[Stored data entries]
────────────────

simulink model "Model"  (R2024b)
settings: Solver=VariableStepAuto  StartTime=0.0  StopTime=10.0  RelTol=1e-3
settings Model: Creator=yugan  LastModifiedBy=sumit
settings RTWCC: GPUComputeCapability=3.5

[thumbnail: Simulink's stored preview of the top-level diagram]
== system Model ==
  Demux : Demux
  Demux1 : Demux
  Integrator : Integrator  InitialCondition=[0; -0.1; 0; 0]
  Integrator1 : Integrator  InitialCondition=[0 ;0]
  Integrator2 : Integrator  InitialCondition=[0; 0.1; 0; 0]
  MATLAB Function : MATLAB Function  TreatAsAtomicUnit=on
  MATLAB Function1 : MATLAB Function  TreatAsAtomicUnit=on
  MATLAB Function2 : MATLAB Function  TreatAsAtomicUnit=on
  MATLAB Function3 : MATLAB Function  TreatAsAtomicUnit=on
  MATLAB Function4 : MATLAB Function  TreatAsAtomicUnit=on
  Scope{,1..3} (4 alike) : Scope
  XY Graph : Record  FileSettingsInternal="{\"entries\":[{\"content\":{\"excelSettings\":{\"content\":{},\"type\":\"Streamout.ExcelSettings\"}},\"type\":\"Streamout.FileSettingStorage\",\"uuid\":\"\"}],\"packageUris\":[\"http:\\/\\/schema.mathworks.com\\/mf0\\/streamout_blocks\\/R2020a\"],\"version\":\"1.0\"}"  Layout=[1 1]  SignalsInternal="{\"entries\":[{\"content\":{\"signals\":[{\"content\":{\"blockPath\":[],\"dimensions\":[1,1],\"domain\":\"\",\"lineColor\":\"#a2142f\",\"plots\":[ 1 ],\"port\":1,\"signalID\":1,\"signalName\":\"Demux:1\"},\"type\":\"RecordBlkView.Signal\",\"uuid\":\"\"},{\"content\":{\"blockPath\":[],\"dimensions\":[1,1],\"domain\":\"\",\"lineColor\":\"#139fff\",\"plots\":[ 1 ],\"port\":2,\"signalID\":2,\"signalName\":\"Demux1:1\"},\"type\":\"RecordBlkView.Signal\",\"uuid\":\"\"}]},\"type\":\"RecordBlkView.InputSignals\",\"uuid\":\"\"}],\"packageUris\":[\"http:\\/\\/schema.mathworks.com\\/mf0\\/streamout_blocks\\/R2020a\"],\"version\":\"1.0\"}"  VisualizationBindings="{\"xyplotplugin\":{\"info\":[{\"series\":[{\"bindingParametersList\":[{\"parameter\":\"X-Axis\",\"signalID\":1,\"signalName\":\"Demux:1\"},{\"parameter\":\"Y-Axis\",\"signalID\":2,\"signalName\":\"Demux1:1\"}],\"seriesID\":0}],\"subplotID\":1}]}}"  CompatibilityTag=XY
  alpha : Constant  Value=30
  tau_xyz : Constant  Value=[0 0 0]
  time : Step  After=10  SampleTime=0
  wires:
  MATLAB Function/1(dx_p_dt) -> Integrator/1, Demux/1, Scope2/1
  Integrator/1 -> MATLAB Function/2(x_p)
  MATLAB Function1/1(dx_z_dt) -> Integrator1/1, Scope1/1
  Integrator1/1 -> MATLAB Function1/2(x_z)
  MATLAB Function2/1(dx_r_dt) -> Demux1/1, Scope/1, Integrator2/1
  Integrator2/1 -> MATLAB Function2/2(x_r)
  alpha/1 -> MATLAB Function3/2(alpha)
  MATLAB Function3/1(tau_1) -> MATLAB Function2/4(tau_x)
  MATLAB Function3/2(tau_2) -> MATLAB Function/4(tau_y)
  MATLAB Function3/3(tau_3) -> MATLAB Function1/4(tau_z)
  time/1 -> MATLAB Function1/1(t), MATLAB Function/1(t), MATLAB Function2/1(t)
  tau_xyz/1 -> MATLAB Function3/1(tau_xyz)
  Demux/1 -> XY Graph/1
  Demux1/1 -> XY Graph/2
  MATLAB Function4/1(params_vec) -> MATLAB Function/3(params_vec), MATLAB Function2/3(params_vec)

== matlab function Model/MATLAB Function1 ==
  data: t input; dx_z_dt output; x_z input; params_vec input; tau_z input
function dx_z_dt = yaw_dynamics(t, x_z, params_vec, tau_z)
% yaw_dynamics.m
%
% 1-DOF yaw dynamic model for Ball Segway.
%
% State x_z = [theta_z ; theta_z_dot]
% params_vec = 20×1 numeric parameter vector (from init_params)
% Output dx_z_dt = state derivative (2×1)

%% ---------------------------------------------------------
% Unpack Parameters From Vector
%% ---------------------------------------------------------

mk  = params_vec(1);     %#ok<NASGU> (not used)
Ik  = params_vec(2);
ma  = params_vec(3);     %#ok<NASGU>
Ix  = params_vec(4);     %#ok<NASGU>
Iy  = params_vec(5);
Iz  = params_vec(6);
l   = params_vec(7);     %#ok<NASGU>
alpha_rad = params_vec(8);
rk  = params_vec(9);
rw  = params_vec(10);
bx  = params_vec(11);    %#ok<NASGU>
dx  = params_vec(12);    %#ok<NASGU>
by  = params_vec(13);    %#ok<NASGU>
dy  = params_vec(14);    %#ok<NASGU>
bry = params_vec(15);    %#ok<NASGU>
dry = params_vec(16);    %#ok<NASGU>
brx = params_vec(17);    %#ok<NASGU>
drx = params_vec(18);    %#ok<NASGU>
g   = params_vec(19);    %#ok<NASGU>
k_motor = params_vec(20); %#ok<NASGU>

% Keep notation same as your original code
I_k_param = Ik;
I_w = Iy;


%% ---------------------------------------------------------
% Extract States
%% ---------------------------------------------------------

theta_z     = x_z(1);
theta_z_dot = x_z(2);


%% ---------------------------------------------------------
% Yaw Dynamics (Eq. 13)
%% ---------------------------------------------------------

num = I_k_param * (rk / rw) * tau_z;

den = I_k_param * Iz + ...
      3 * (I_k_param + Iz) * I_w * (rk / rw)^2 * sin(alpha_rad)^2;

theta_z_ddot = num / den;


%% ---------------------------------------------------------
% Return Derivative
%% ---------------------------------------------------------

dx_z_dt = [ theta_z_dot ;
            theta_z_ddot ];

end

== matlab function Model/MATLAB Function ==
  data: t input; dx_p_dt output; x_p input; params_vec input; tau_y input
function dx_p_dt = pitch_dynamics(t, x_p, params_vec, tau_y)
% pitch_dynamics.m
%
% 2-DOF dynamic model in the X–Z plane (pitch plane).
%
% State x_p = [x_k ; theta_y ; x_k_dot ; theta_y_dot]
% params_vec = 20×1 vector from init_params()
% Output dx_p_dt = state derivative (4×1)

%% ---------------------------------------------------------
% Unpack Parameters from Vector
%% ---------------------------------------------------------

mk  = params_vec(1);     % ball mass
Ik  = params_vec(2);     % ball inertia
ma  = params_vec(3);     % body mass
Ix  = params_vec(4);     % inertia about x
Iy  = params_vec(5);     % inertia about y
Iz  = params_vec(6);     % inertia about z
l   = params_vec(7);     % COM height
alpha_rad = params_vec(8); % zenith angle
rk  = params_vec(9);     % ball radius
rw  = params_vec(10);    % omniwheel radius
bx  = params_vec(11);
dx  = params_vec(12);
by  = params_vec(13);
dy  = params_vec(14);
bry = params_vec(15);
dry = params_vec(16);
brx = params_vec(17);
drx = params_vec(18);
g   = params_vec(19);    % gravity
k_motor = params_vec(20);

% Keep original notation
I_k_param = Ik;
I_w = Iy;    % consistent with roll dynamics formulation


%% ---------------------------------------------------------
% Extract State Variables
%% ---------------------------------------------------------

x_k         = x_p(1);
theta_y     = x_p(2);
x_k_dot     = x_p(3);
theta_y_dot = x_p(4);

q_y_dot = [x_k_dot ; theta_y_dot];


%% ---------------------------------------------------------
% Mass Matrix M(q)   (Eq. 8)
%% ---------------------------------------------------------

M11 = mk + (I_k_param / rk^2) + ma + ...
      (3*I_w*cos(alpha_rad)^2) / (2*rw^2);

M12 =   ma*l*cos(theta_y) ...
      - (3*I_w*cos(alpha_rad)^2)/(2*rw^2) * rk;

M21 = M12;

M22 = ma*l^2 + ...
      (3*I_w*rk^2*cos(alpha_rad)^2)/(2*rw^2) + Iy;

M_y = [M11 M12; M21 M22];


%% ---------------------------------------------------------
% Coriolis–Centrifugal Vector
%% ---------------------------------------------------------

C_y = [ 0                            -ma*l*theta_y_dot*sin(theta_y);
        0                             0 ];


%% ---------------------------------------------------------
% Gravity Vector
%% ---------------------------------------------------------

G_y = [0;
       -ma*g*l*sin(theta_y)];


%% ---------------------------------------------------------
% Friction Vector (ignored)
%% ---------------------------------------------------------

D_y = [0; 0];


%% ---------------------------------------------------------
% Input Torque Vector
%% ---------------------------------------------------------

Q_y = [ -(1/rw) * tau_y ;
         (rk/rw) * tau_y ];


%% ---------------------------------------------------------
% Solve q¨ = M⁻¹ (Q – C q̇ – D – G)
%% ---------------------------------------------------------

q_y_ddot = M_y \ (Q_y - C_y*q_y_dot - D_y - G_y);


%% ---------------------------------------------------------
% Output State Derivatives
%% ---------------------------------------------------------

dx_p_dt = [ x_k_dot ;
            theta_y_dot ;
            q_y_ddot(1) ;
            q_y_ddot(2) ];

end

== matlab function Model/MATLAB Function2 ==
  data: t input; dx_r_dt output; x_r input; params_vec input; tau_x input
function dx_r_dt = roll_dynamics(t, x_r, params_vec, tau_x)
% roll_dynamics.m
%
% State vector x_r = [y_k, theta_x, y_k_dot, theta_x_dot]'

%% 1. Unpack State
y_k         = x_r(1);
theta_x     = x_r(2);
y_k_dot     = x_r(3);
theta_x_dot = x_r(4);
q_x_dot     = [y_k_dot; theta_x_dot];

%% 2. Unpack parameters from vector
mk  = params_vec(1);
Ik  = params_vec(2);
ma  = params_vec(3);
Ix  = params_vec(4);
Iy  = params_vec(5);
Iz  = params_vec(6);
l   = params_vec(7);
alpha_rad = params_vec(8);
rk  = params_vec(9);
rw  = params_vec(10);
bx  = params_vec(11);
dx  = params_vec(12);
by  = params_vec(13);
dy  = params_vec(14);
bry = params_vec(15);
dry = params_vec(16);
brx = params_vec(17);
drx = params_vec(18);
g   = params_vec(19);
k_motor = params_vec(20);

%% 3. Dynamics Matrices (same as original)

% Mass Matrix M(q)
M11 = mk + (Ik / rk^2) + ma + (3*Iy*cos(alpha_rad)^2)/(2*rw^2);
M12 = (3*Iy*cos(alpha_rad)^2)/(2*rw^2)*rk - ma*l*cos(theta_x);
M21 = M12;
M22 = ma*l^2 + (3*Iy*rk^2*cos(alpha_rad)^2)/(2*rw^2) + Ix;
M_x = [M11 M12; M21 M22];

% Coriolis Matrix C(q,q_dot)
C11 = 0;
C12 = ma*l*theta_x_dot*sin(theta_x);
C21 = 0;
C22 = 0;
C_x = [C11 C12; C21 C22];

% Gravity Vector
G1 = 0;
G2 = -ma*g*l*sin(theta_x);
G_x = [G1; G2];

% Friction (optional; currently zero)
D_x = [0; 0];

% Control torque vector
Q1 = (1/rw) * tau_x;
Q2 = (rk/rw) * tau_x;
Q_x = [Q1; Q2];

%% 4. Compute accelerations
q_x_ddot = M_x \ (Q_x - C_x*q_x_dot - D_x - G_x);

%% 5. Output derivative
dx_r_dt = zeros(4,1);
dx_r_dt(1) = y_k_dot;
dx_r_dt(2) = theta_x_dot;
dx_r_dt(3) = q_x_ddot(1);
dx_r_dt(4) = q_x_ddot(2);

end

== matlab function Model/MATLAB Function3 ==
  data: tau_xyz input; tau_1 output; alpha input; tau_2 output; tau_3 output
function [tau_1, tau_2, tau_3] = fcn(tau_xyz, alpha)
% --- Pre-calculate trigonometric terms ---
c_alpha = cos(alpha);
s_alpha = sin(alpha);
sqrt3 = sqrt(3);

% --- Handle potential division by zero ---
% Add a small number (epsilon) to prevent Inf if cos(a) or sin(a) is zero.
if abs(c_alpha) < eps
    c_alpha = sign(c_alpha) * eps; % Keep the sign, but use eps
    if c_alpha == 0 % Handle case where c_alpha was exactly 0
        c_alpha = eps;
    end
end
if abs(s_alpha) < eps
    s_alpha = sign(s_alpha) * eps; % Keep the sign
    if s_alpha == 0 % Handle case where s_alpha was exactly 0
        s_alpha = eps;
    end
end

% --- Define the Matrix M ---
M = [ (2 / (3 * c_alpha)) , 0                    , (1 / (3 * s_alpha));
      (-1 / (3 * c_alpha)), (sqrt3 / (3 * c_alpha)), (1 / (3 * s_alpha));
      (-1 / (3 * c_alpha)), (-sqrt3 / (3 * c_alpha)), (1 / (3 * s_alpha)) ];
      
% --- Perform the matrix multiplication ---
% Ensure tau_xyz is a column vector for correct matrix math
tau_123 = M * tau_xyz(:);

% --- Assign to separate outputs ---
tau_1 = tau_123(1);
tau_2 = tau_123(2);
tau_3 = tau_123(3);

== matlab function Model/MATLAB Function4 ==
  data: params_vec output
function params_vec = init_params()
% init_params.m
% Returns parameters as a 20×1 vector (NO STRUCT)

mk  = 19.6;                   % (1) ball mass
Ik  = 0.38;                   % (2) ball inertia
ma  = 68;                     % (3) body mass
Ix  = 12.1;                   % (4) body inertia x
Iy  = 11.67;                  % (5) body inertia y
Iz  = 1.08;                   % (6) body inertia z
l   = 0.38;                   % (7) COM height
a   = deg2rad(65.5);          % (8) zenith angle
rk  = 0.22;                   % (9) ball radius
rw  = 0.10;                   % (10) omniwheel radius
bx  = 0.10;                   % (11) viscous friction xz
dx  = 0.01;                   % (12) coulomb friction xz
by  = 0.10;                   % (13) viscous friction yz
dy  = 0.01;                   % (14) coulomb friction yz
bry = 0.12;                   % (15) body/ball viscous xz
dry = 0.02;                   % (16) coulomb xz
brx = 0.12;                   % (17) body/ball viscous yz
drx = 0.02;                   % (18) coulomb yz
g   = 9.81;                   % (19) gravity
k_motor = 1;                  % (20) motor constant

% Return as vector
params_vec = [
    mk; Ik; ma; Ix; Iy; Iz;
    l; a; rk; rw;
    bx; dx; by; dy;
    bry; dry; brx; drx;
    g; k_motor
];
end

────────────────

**PROBLEM STATEMENT:** Give back the entries above exactly as they are, from their first line through the line that contains "Integrator1 : Integrator", both included, with nothing else.

**RESPONSE TO THIS TASK:**
simulink model "Model"  (R2024b)
settings: Solver=VariableStepAuto  StartTime=0.0  StopTime=10.0  RelTol=1e-3
settings Model: Creator=yugan  LastModifiedBy=sumit
settings RTWCC: GPUComputeCapability=3.5

[thumbnail: Simulink's stored preview of the top-level diagram]
== system Model ==
  Demux : Demux
  Demux1 : Demux
  Integrator : Integrator  InitialCondition=[0; -0.1; 0; 0]
  Integrator1 : Integrator  InitialCondition=[0 ;0]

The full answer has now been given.